3.4 Long-Tail Tasks: Supports complex, compositional workflows including equation-of-state (EOS) fitting by batch-running static VASP jobs and fitting to Birch–Murnaghan form, and single-atom catalyst preparation on functionalized graphene using both MACE surrogate relaxation and site-specific adsorption modeling (Chen et al., 20 Jan 2026).

4. Reproducibility, Data Management, and Metadata

Each milestone produces an evidence package encompassing:

• All input files (e.g., POSCAR, INCAR, KPOINTS, POTCAR)
• Outputs (CONTCAR, OUTCAR, vasp.log, etc.)
• Scalar JSON summaries (energies, forces, ΔG values)
• Schema-validated whiteboard JSON entries tracking:
  • Task identity and tool
  • Inputs and outputs (with file paths)
  • Status and timestamps
  • Key results

The comprehensive project record allows local or remote resumption, archiving, and reproducibility inspection. Metadata schemas are strictly enforced for both tool-level inputs/outputs and overarching workspace state, with automated validation and repair mechanisms. Final reporting collates benchmark metrics and evidence package pointers for each milestone (Chen et al., 20 Jan 2026).

5. Performance Characteristics and Limitations

Performance benchmarks indicate:

• Surface energies computed within 3% of reference literature values.
• HER descriptor surrogate errors as low as +0.033 eV; surrogate pre-screening reduces required DFT calls by ∼90× over exhaustive high-fidelity runs.
• Eliminates >500 lines of workflow- and bookkeeping-related code per project and obviates manual tracking of >200 intermediate files.
• Achieves ∼3× reduction in wall-clock project time, accounting for HPC queueing delays.

Limitations include the absence of literature-grounded method selection ("scientific reasoning gap"), linear planning that precludes mid-run workflow restructuring (DAG-based orchestration is future work), the risk of generative errors in geometry/protocols (subject to post-hoc graph-connectivity checks), and restricted depth in error handling (e.g., only routine SCF/mixing errors are handled natively; persistent VASP failures require specialized debugging agents). Future improvements target the integration of retrieval-augmented generation (RAG) and richer, non-linear orchestration for adaptive workflows (Chen et al., 20 Jan 2026).

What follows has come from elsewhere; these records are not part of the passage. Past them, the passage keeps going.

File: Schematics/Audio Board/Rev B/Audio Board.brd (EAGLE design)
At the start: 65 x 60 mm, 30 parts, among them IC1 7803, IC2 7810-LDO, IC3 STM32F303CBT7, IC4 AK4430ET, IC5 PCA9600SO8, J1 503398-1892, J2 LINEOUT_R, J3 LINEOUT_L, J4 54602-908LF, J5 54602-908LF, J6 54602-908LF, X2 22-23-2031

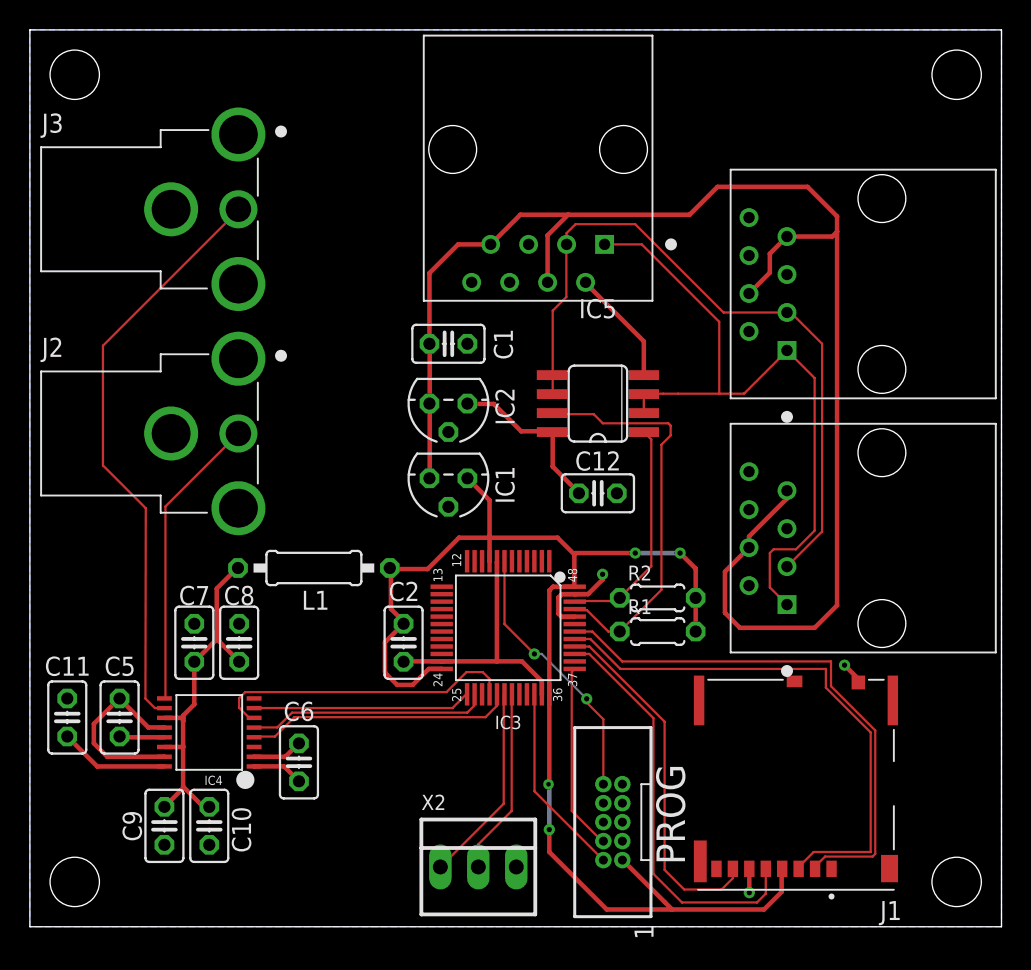
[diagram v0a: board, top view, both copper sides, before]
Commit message: Small changes to Audio Board Rev B and add Gerbers
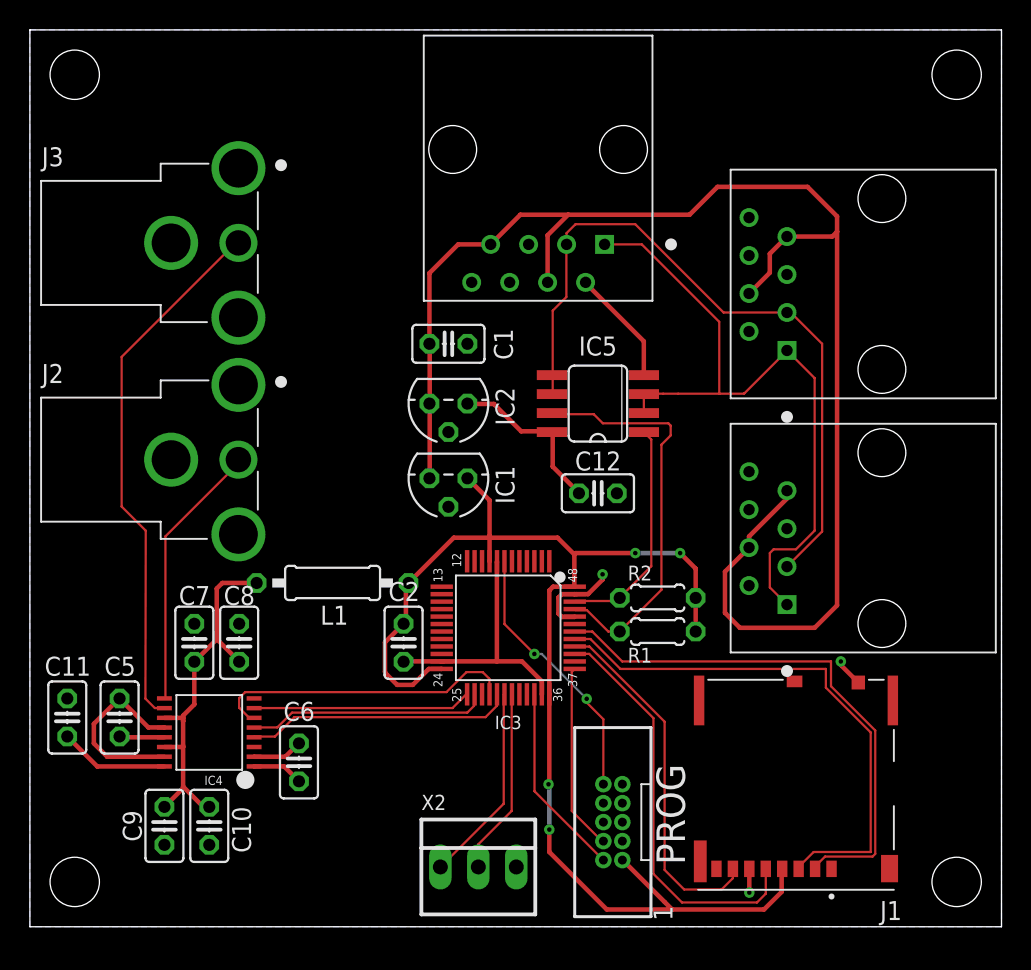
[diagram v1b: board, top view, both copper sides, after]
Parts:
- moved J3 2.25 mm to (8.00, 45.8)
- moved J2 1.75 mm to (8.00, 31.2)
- moved L1 1.60 mm to (20.2, 23.0)
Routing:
- net N$3: track 39.2 -> 36.0 mm
- net VCC: track 90.6 -> 88.5 mm
- net N$4: track 19.8 -> 18.0 mm
- net V+: track 25.7 -> 26.6 mm

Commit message: Minor revisions to Audio Board Rev B
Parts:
- moved C6 0.75 mm to (18.0, 10.2)
- renumbered X2 to SERIAL
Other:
- board text added: "RULOS Audio Synthesizer Rev B April 2019"
- board text added: "TX RX GND"
- board text removed: "RULOS Audio Synthesizer Rev A April 2019"
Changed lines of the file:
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@@
 </polygon>
 <text x="6.75" y="56" size="1.016" layer="51" font="vector">RULOS Audio Synthesizer
-Rev A       April 2019</text>
+Rev B          April 2019</text>
+<text x="26.5" y="7.75" size="0.9" layer="51">TX  RX  GND</text>
 </plain>
 <attributes>
@@
 <attribute name="PRICE" value="None" x="51.25" y="9.5" size="1.778" layer="27" rot="R180" display="off"/>
 </element>
-<element name="X2" library="con-molex" library_urn="urn:adsk.eagle:library:165" package="22-23-2031" package3d_urn="urn:adsk.eagle:package:8078634/1" value="22-23-2031" x="30" y="4" smashed="yes">
+<element name="SERIAL" library="con-molex" library_urn="urn:adsk.eagle:library:165" package="22-23-2031" package3d_urn="urn:adsk.eagle:package:8078634/1" value="22-23-2031" x="30" y="4" smashed="yes">
 <attribute name="MF" value="MOLEX" x="19.84" y="15.43" size="1.778" layer="27" display="off"/>
 <attribute name="MPN" value="22-23-2031" x="19.84" y="15.43" size="1.778" layer="27" display="off"/>
-<attribute name="NAME" x="26.19" y="7.81" size="1.016" layer="25" ratio="10"/>
+<attribute name="NAME" x="26.44" y="9.31" size="1.016" layer="25" ratio="10"/>
 <attribute name="OC_FARNELL" value="1462950" x="19.84" y="15.43" size="1.778" layer="27" display="off"/>
 <attribute name="OC_NEWARK" value="30C0862" x="19.84" y="15.43" size="1.778" layer="27" display="off"/>
@@
 <attribute name="VALUE" x="22.0106" y="25.635" size="1.27" layer="27" ratio="10" rot="R180"/>
 </element>
-<element name="C6" library="rcl" library_urn="urn:adsk.eagle:library:334" package="C025-025X050" package3d_urn="urn:adsk.eagle:package:23629/2" value="1uF" x="18" y="11" smashed="yes" rot="R270">
-<attribute name="NAME" x="16.964" y="13.774" size="1.27" layer="25" ratio="10"/>
-<attribute name="SPICEPREFIX" value="C" x="18" y="11" size="1.778" layer="27" rot="R270" display="off"/>
-<attribute name="VALUE" x="16.754" y="7.016" size="1.27" layer="27" ratio="10"/>
+<element name="C6" library="rcl" library_urn="urn:adsk.eagle:library:334" package="C025-025X050" package3d_urn="urn:adsk.eagle:package:23629/2" value="1uF" x="18" y="10.25" smashed="yes" rot="R270">
+<attribute name="NAME" x="16.964" y="13.024" size="1.27" layer="25" ratio="10"/>
+<attribute name="SPICEPREFIX" value="C" x="18" y="10.25" size="1.778" layer="27" rot="R270" display="off"/>
+<attribute name="VALUE" x="16.754" y="6.266" size="1.27" layer="27" ratio="10"/>
 </element>
 <element name="C11" library="rcl" library_urn="urn:adsk.eagle:library:334" package="C025-025X050" package3d_urn="urn:adsk.eagle:package:23629/2" value="1uF" x="2.5" y="14" smashed="yes" rot="R90">
@@
 <wire x1="27.55" y1="17.25" x2="27.54969375" y2="17.25030625" width="0.3048" layer="1"/>
 <wire x1="27.54969375" y1="17.25030625" x2="26.684265625" y2="17.25030625" width="0.3048" layer="1"/>
-<wire x1="25.615759375" y1="16.1818" x2="26.684265625" y2="17.25030625" width="0.3048" layer="1"/>
+<wire x1="25.865759375" y1="16.4318" x2="26.684265625" y2="17.25030625" width="0.3048" layer="1"/>
 <wire x1="23.753" y1="17.0474" x2="23.821403125" y2="16.928596875" width="0.3048" layer="1"/>
-<wire x1="23.821403125" y1="16.928596875" x2="24.5682" y2="16.1818" width="0.3048" layer="1"/>
-<wire x1="24.5682" y1="16.1818" x2="25.615759375" y2="16.1818" width="0.3048" layer="1"/>
+<wire x1="23.821403125" y1="16.928596875" x2="24.3182" y2="16.4318" width="0.3048" layer="1"/>
+<wire x1="24.3182" y1="16.4318" x2="25.865759375" y2="16.4318" width="0.3048" layer="1"/>
 <wire x1="23.753" y1="19.0286" x2="23.753" y2="17.0474" width="0.3048" layer="1"/>
 <wire x1="24.9936" y1="20.2692" x2="23.753" y2="19.0286" width="0.3048" layer="1"/>
@@
 <contactref element="C2" pad="2"/>
 <contactref element="IC2" pad="2"/>
-<contactref element="X2" pad="3"/>
+<contactref element="SERIAL" pad="3"/>
 <contactref element="IC4" pad="P$15"/>
 <contactref element="C11" pad="2"/>
@@
 <wire x1="8.9916" y1="13.335" x2="9" y2="13.325" width="0.3048" layer="1"/>
 <wire x1="6.096" y1="15.1638" x2="6" y2="15.27" width="0.3048" layer="1"/>
-<wire x1="48.0822" y1="3.81" x2="48.13" y2="3.875" width="0.3048" layer="1"/>
 <wire x1="25.0698" y1="17.7546" x2="27.5082" y2="17.7546" width="0.3048" layer="1"/>
 <wire x1="27.5082" y1="17.7546" x2="27.55" y2="17.75" width="0.3048" layer="1"/>
@@
 </signal>
 <signal name="RX">
-<contactref element="X2" pad="2"/>
+<contactref element="SERIAL" pad="2"/>
 <contactref element="IC3" pad="31"/>
 <wire x1="32.2326" y1="7.7484" x2="32.2326" y2="15.5448" width="0.1524" layer="1"/>
@@
 </signal>
 <signal name="TX">
-<contactref element="X2" pad="1"/>
+<contactref element="SERIAL" pad="1"/>
 <contactref element="IC3" pad="30"/>
 <wire x1="31.6992" y1="8.2296" x2="31.6992" y2="15.5448" width="0.1524" layer="1"/>
@@
 <contactref element="IC3" pad="26"/>
 <contactref element="IC4" pad="P$5"/>
-<wire x1="16.5474" y1="13.335" x2="15.0114" y2="13.335" width="0.1524" layer="1"/>
-<wire x1="17.538" y1="14.3256" x2="16.5474" y2="13.335" width="0.1524" layer="1"/>
-<wire x1="29.2608" y1="14.3256" x2="17.538" y2="14.3256" width="0.1524" layer="1"/>
-<wire x1="29.718" y1="14.7828" x2="29.2608" y2="14.3256" width="0.1524" layer="1"/>
-<wire x1="29.718" y1="15.5448" x2="29.718" y2="14.7828" width="0.1524" layer="1"/>
+<wire x1="15.7974" y1="13.335" x2="15.0114" y2="13.335" width="0.1524" layer="1"/>
+<wire x1="16.073684375" y1="13.611284375" x2="15.7974" y2="13.335" width="0.1524" layer="1"/>
+<wire x1="29.046484375" y1="13.611284375" x2="16.073684375" y2="13.611284375" width="0.1524" layer="1"/>
+<wire x1="29.718" y1="14.2828" x2="29.046484375" y2="13.611284375" width="0.1524" layer="1"/>
+<wire x1="29.718" y1="15.5448" x2="29.718" y2="14.2828" width="0.1524" layer="1"/>
 <wire x1="15.0114" y1="13.335" x2="15" y2="13.325" width="0.1524" layer="1"/>
 <wire x1="29.718" y1="15.5448" x2="29.75" y2="15.55" width="0.1524" layer="1"/>
@@
 <contactref element="IC3" pad="28"/>
 <contactref element="IC4" pad="P$6"/>
-<wire x1="14.6304" y1="14.0208" x2="14.9352" y2="14.0208" width="0.1524" layer="1"/>
-<wire x1="13.9994" y1="14.6518" x2="14.6304" y2="14.0208" width="0.1524" layer="1"/>
-<wire x1="13.9994" y1="15.2948" x2="13.9994" y2="14.6518" width="0.1524" layer="1"/>
+<wire x1="14.3804" y1="14.0208" x2="14.9352" y2="14.0208" width="0.1524" layer="1"/>
+<wire x1="13.9994" y1="14.4018" x2="14.3804" y2="14.0208" width="0.1524" layer="1"/>
+<wire x1="13.9994" y1="15.2948" x2="13.9994" y2="14.4018" width="0.1524" layer="1"/>
 <wire x1="14.4018" y1="15.6972" x2="13.9994" y2="15.2948" width="0.1524" layer="1"/>
 <wire x1="27.8678" y1="15.6972" x2="14.4018" y2="15.6972" width="0.1524" layer="1"/>
@@
 <contactref element="IC3" pad="29"/>
 <contactref element="IC4" pad="P$4"/>
-<wire x1="16.395" y1="12.7254" x2="15.0114" y2="12.7254" width="0.1524" layer="1"/>
-<wire x1="17.6904" y1="14.0208" x2="16.395" y2="12.7254" width="0.1524" layer="1"/>
-<wire x1="30.48" y1="14.0208" x2="17.6904" y2="14.0208" width="0.1524" layer="1"/>
-<wire x1="31.242" y1="14.7828" x2="30.48" y2="14.0208" width="0.1524" layer="1"/>
-<wire x1="31.242" y1="15.5448" x2="31.242" y2="14.7828" width="0.1524" layer="1"/>
-<wire x1="15.0114" y1="12.7254" x2="15" y2="12.675" width="0.1524" layer="1"/>
+<wire x1="29.854309375" y1="12.645109375" x2="15.029890625" y2="12.645109375" width="0.1524" layer="1"/>
+<wire x1="31.242" y1="14.0328" x2="29.854309375" y2="12.645109375" width="0.1524" layer="1"/>
+<wire x1="31.242" y1="15.5448" x2="31.242" y2="14.0328" width="0.1524" layer="1"/>
+<wire x1="15.029890625" y1="12.645109375" x2="15" y2="12.675" width="0.1524" layer="1"/>
 <wire x1="31.242" y1="15.5448" x2="31.25" y2="15.55" width="0.1524" layer="1"/>
 </signal>
@@
 <contactref element="C6" pad="2"/>
 <contactref element="IC4" pad="P$1"/>
-<wire x1="17.010784375" y1="10.726015625" x2="15.001015625" y2="10.726015625" width="0.3048" layer="1"/>
+<wire x1="16.757075" y1="10.726015625" x2="15.001015625" y2="10.726015625" width="0.3048" layer="1"/>
 <wire x1="15" y1="10.725" x2="15.001015625" y2="10.726015625" width="0.3048" layer="1"/>
-<wire x1="17.9832" y1="9.7536" x2="17.010784375" y2="10.726015625" width="0.3048" layer="1"/>
-<wire x1="17.9832" y1="9.7536" x2="18" y2="9.73" width="0.3048" layer="1"/>
+<wire x1="16.757075" y1="10.726015625" x2="18" y2="8.98" width="0.3048" layer="1"/>
 </signal>
 <signal name="V+1">
 <contactref element="C6" pad="1"/>
 <contactref element="IC4" pad="P$2"/>
-<wire x1="17.08874375" y1="11.37374375" x2="15.00125625" y2="11.37374375" width="0.3048" layer="1"/>
+<wire x1="17.58874375" y1="11.37374375" x2="15.00125625" y2="11.37374375" width="0.3048" layer="1"/>
 <wire x1="15" y1="11.375" x2="15.00125625" y2="11.37374375" width="0.3048" layer="1"/>
-<wire x1="17.9832" y1="12.2682" x2="17.08874375" y2="11.37374375" width="0.3048" layer="1"/>
-<wire x1="17.9832" y1="12.2682" x2="18" y2="12.27" width="0.1524" layer="1"/>
+<wire x1="17.8387875" y1="11.6237875" x2="17.58874375" y2="11.37374375" width="0.3048" layer="1"/>
+<wire x1="17.8387875" y1="11.6237875" x2="18" y2="11.52" width="0.1524" layer="1"/>
 </signal>
 <signal name="N$2">

6. Context and Significance for Catalysis Research

CatMaster addresses core reproducibility, bookkeeping, and human error factors intrinsic to computational heterogeneous catalysis workflows. By enforcing a file-centric, evidence-based project record and automating both routine input generation and high-throughput screening, the system enables domain scientists to concentrate on modeling choices and mechanistic interpretation rather than workflow logistics. This approach establishes a blueprint for LLM-agent orchestration in computational chemistry and related data-driven materials discovery (Chen et al., 20 Jan 2026).